Day after long weary day, we fight to keep the invisible wolf from our door. The battle takes place primarily on the front doorstep. No one—extended family, friend, neighbour, handyman— is allowed in. No one except for essential workers, is allowed out, apart from those brief, masked trips to pick up food, gas or medicine or perhaps to anxiously risk a lonely walk down mostly deserted streets. We are repeatedly told by government and public health specialists to stay at home.
Those few businesses who remain open engage in similar warfare. No one just returned from foreign travel is allowed in, nor is a married couple accustomed to shopping together, certainly not anyone with a cough or evident fever. Shop keepers and cashiers hide protectively behind Plexiglas shields. Most stores and businesses simply have locked their doors to keep the enemy at bay.

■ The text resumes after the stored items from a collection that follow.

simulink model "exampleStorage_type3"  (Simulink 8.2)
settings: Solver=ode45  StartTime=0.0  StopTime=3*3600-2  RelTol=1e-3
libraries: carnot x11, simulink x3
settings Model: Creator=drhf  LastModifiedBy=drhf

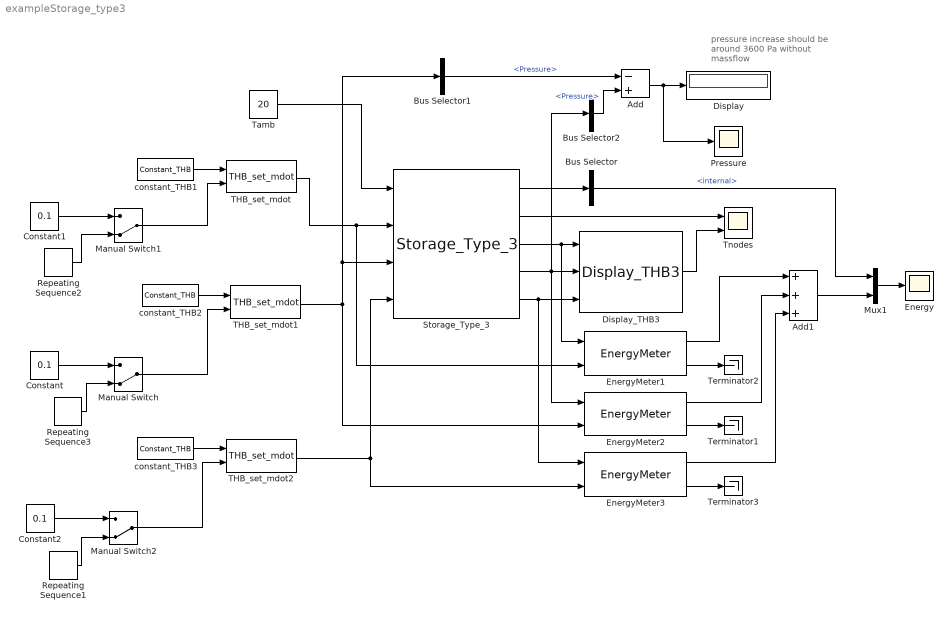
== system exampleStorage_type3 ==
  note: pressure increase should be around 3600 Pa without massflow
  Add : Sum  Inputs=-+
  Add1 : Sum  Inputs=3
  Bus Selector : BusSelector  OutputSignals=energy.internal
  Bus Selector1 : BusSelector  OutputSignals=Pressure
  Bus Selector2 : BusSelector  OutputSignals=Pressure
  Constant : Constant  Value=0.1
  Constant1 : Constant  Value=0.1
  Constant2 : Constant  Value=0.1
  Display : Display
  Display_THB3 : carnot/Outputs/Display_THB3  t=off  m=on  p=off  id=off  mix=off  d=off
  Energy : Scope
  EnergyMeter1 : carnot/Control/EnergyMeter
  EnergyMeter2 : carnot/Control/EnergyMeter
  EnergyMeter3 : carnot/Control/EnergyMeter
  Manual Switch : ManualSwitch  CurrentSetting=0
  Manual Switch1 : ManualSwitch  CurrentSetting=0
  Manual Switch2 : ManualSwitch  CurrentSetting=0
  Mux1 : Mux  Inputs=2
  Pressure : Scope
  Repeating Sequence1 : simulink/Sources/Repeating Sequence  rep_seq_t=[0 1 1.01 2 2.01 3]*3600  rep_seq_y=[0.12 0.12 0.11 0.11 0.05 0.05]
  Repeating Sequence2 : simulink/Sources/Repeating Sequence  rep_seq_t=[0 1 1.01 2 2.01 2.9 2.91 3.1]*3600  rep_seq_y=[0 0 0.05 0.05 0.2 0.2 0 0]
  Repeating Sequence3 : simulink/Sources/Repeating Sequence  rep_seq_t=[0 1 1.01 2 2.01 3]*3600  rep_seq_y=[0 0 0.1 0.1 0.15 0.15]
  Storage_Type_3 : carnot/Storage/Thermal/Storage_Type_3  uloss=1  ubot=1  utop=1  cond=1  t0=[10:5:55]  volume=0.3  dia=0.5  pos=standing cylinder  nconnect=3  nodes=10  mpoints=10
  THB_set_mdot : carnot/Source/Simple/THB_set_mdot
  THB_set_mdot1 : carnot/Source/Simple/THB_set_mdot
  THB_set_mdot2 : carnot/Source/Simple/THB_set_mdot
  Tamb : Constant  Value=20
  Terminator1 : Terminator
  Terminator2 : Terminator
  Terminator3 : Terminator
  Tnodes : Scope  NumInputPorts=2
      settings: YMin=-5~-5  YMax=5~5  SaveName=ScopeData3
  constant_THB1 : carnot/Source/Simple/Constant_THB  t=10  mdot=0*100/3600  p=1e5  mID=Full Pressure Drop with Static Height  fluid=Water  mix=0  dia=0.02  hgt=0
  constant_THB2 : carnot/Source/Simple/Constant_THB  t=55  mdot=0*100/3600  p=1e5  mID=Full Pressure Drop with Static Height  fluid=Water  mix=0  dia=0.02  hgt=0
  constant_THB3 : carnot/Source/Simple/Constant_THB  t=35  mdot=0*100/3600  p=1e5  mID=Full Pressure Drop with Static Height  fluid=Water  mix=0  dia=0.02  hgt=0
  wires:
  Bus Selector/1 -> Mux1/1  "<internal>"
  Tamb/1 -> Storage_Type_3/1
  THB_set_mdot/1 -> Storage_Type_3/2, EnergyMeter1/2
  THB_set_mdot1/1 -> Bus Selector1/1, Storage_Type_3/3, EnergyMeter2/2
  Storage_Type_3/1 -> Bus Selector/1
  Storage_Type_3/3 -> EnergyMeter1/1, Display_THB3/1
  Storage_Type_3/4 -> Bus Selector2/1, EnergyMeter2/1, Display_THB3/2
  Display_THB3/1 -> Tnodes/2
  Mux1/1 -> Energy/1
  EnergyMeter2/2 -> Terminator1/1
  Manual Switch1/1 -> THB_set_mdot/2
  Manual Switch/1 -> THB_set_mdot1/2
  Add/1 -> Display/1, Pressure/1
  Bus Selector1/1 -> Add/1  "<Pressure>"
  Bus Selector2/1 -> Add/2  "<Pressure>"
  Constant/1 -> Manual Switch/1
  Repeating Sequence3/1 -> Manual Switch/2
  Constant1/1 -> Manual Switch1/1
  Repeating Sequence2/1 -> Manual Switch1/2
  EnergyMeter1/2 -> Terminator2/1
  Add1/1 -> Mux1/2
  EnergyMeter2/1 -> Add1/2
  EnergyMeter1/1 -> Add1/1
  Manual Switch2/1 -> THB_set_mdot2/2
  Constant2/1 -> Manual Switch2/1
  Repeating Sequence1/1 -> Manual Switch2/2
  THB_set_mdot2/1 -> Storage_Type_3/4, EnergyMeter3/2
  Storage_Type_3/2 -> Tnodes/1
  Storage_Type_3/5 -> EnergyMeter3/1, Display_THB3/3
  EnergyMeter3/2 -> Terminator3/1
  EnergyMeter3/1 -> Add1/3
  constant_THB1/1 -> THB_set_mdot/1
  constant_THB2/1 -> THB_set_mdot1/1
  constant_THB3/1 -> THB_set_mdot2/1

But what if that invisible wolf is not lurking in the outside world ready to pounce, but already hiding inside your residence? Staying at home is not a refuge but possibly a death sentence. This is the tragic reality in many of our long term care facilities.
Ontario has 626 such facilities, places where the frail elderly, many with some level of dementia and /or significant physical disability, can be cared for. Currently, 114 care homes are battling outbreaks of COVID-19. As in any war, casualties quickly mount; to this date 216 residents are dead; 1229 cases are confirmed among residents and a further 621 among the dedicated but overworked staff caring for them. (As of April 17, Ontario counts an overall total of 478 deaths among the 9525 cases diagnosed.) A Toronto Star investigation concludes that there are likely more under-reported nursing home deaths. (April 15)
Why are long term care homes over represented in these Provincial deadly statistics? Start with the obvious fact of a vulnerable population already coping with underlying medical conditions. Bring them together several times a day for communal meals, snacks and social activities. Add to that the daily routines which see frontline staff moving from room to room bringing laundry or doing cleaning. Simply put, in most such facilities, physical distancing between residents and isolation of those infected is difficult, if not impossible.
As a minister, I have visited many parishioners in at least eight regional care homes over past years. While some buildings are newer and residents have their private rooms, others are overcrowded with roommates separated by a sheet or curtain. I have long been saddened that we have inadvertently “warehoused” too many of our most vulnerable. Here is part of what I wrote in this space on August 4, 2019:
“In my mind I can still hear the incessant, simultaneous ringing of bells from multiple bedsides, residents calling for staff assistance. Some are incontinent, some need help with dressing or other personal needs, Others are confused or lonely, calling out for reassurance or comfort. It is no coincidence that front line workers typically wear running shoes. Most days they can be run off their feet. In my encounters with these women and men, I have frequently told them that if I ruled the world, I would transfer money from overpaid athletes and entertainers and use this windfall to provide much higher salaries to overworked and underpaid, nursing home frontline staffs.”
Little did I imagine that six months later, COVID-19 would begin its devastating rampage through Ontario’s nursing homes, striking down residents and staff alike. This crisis has cast a spotlight on the need for better designed residences and higher salaries to more fairly compensate staff who care for our most vulnerable. These women and men are the unsung heroes in our current war against this new and unseen enemy, risking their lives each day as they go into battle. I commend them for their dedication.